“Elizabeth Smart is back home. Her parents are happy, the world is happy. But is she happy?”
Certainly, I’ll never know for sure. But it is an interesting question, whose possible answer is being muddied by all the talk of “brainwashing” and “mind control” being tossed around.
Those concepts, which one might have thought a nostalgic relic of the days of Charlie Manson and Patty Hearst, are being called into service to address a question obvious to anyone who thought twice about the resolution of this public drama: Why didn’t Elizabeth make any attempt to run away, at any point? Why, even upon being found by her saviors, the police, did she refuse to admit she was Elizabeth Smart? In my favorite touch, her response to police insistence that, come off it, she was Elizabeth Smart, was a coyly Biblical “thou sayest.”
Of course, if someone takes control of someone else’s very survival and controls all the information that person receives—which seems to be what happened to Elizabeth vis à vis the strangely charismatic street freak “Emmanuel” (and is not unlike what happens in any strict religious family)—it becomes easier to implant certain ideas and make them stick. In other contexts, this is called “socialization,” but when we don’t like the ideas and thoughts thus influenced, it becomes mind control. Reason
Unlike this essayist, it is not simply because it offends my notion of free will that I question the ‘mind control’ assertions in the Smart case. While brainwashing exists, it simply may not be an applicable notion in this case, where Smart may have just chosen to be with her ‘captor’, period. Don’t I recall from news coverage of her disappearance that questions of her cooperation with her ‘abductor’ arose from the start?

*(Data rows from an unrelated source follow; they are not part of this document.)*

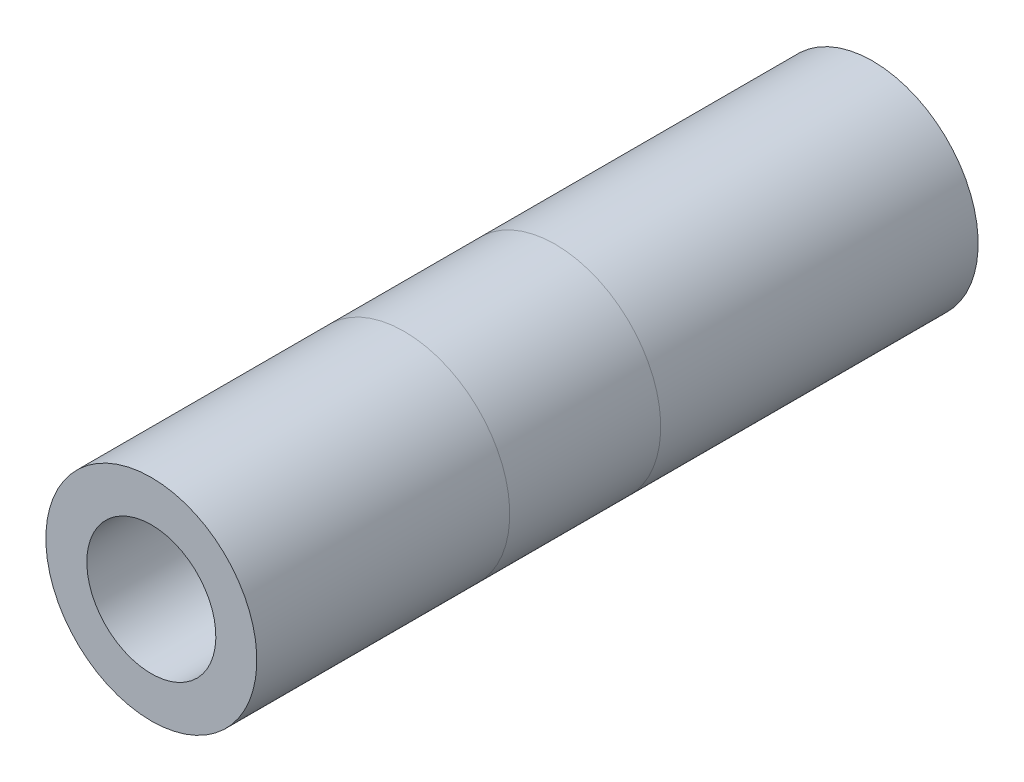
SolidWorks part; units mm, degrees
material "Silicon Rubber"
ref_plane "X-Y Datum" through (0, 0, 0) normal (0, 0, 1) x (1, 0, 0)
ref_plane "X-Z Datum" through (0, 0, 0) normal (0, 1, 0) x (1, 0, 0)
ref_plane "Y-Z Datum" through (0, 0, 0) normal (1, 0, 0) x (0, 0, -1)
sketch3d "3DSketch1"
  line L0 (-46.03, 0, -24.6) -> (-46.03, 0, 0)
  line L1 (-46.03, 0, 0) -> (-46.03, 0, 11.7)
  line L2 (-46.03, 0, 31.3016) -> (-46.03, 0, 11.7)
  arc A0 (-42.0547, 0, 0) -> (-50.0053, 0, 0) centre (-46.03, 0, 0) ccw construction
  arc A1 (-42.0547, 0, 0) -> (-50.0053, 0, 0) centre (-46.03, 0, 0) ccw construction
  arc A2 (-46.03, 5, -24.6) -> (-41.03, 0, -24.6) centre (-46.03, 0, -24.6) ccw construction
  arc A3 (-46.03, 5, -24.6) -> (-41.03, 0, -24.6) centre (-46.03, 0, -24.6) ccw construction
  circle A4 centre (-46.03, 0, 11.7) radius 6.1071 construction
  circle A5 centre (-46.03, 0, 11.7) radius 6.1071 construction
  circle A6 centre (-46.03, 0, 31.3016) radius 6.5 construction
  circle A7 centre (-46.03, 0, 31.3016) radius 6.5 construction
  point P3 (-46.03, 0, 3.9753)
  point P4 (-46.03, 0, 3.9753)
  point P8 (-46.03, 0, -29.6)
  point P9 (-46.03, 0, -29.6)
  point P12 (-46.03, 0, 5.593)
  point P14 (-46.03, 0, 5.593)
  point P17 (-46.03, 0, 24.8016)
  point P19 (-46.03, 0, 24.8016)
sweep "Sweep1" add path "3DSketch1" circular profile diameter 16.35 parameters "D3"=16.35
sweep "Cut-Sweep1" cut path "3DSketch1<2>" circular profile diameter 10 parameters "D3"=10
sketch3d "3DSketch1<2>" same geometry as "3DSketch1"
sketch3d "3DSketch2"
  circle A1 centre (-46.03, 0, 0) radius 5 construction
  circle A2 centre (-46.03, 0, 0) radius 5 construction
  circle A3 centre (-46.03, 0, 11.7) radius 5 construction
  circle A5 centre (-46.03, 0, 11.7) radius 5 construction
  point P2 (-46.03, 0, -5)
  point P4 (-46.03, 0, -5)
  point P9 (-46.03, 0, 6.7)
  point P12 (-46.03, 0, 6.7)

I agree; it bears repeating that ‘brainwashing’ or ‘mind control’ are merely socialization where we don’t hold with the outcome. In a similar fashion, ‘sects’ or ‘cults’ are arguably merely groups sharing a common belief, perhaps with a charismatic leader, which we find objectionable. Sociologically, for example, is the U.S. Army distinguishable from a cult? Induction is sui generis to indoctrination. I have yet to see a good definition of these terms that is not relative or value-laden. Perhaps we can reach a consensus on the social dangerousness of various groups — do they use manipulative or misleading tactics to proselytize or recruit? do they prey on the weak? exploit recruits’ resources or labor? have a double standard of values for the leader(s) as contrasted with the rank and file? prevent members unsupervised freedom of expression? Perhaps we should be very careful not to call a group a ‘cult’ unless all or most of these criteria are met, and then to acknowledge that it is just a matter of social consensus in labelling a particular group offensive or undesireable.
It also bears noting that the kidnapping of members back from ‘cults’ to be ‘deprogrammed’ by their families may, arguably, do similar harm to that we claim the ‘cult’ did. At the start of my psychiatric career, I was a close observer of a case in which an adult child of professional, affluent Boston parents was kidnapped back from the Hare Krishnas when he was about to sign his trust fund over to the group as a donation. The parents had him committed involuntarily to a local psychiatric hospital, claiming he was unable as a result of mental illness (what mental illness?) to care for himself. They had hired a famous deprogrammer, so much in demand that there would be a delay before he could take on the care of their son, and they were hoping to keep the young man hospitalized pending that outcome. The psychiatric assessment he received at the hospital suggested he was not suffering from a mental illness although he had some deficiencies in social skills that probably made the structure of a religious discipleship useful to him! He successfully fought his commitment and planned to bring countersuit against his parents for kidnapping him. No one is suggesting it is easy, and I am not sure what I would do as a parent in a similar position, but, yes indeed, it does appear all relative.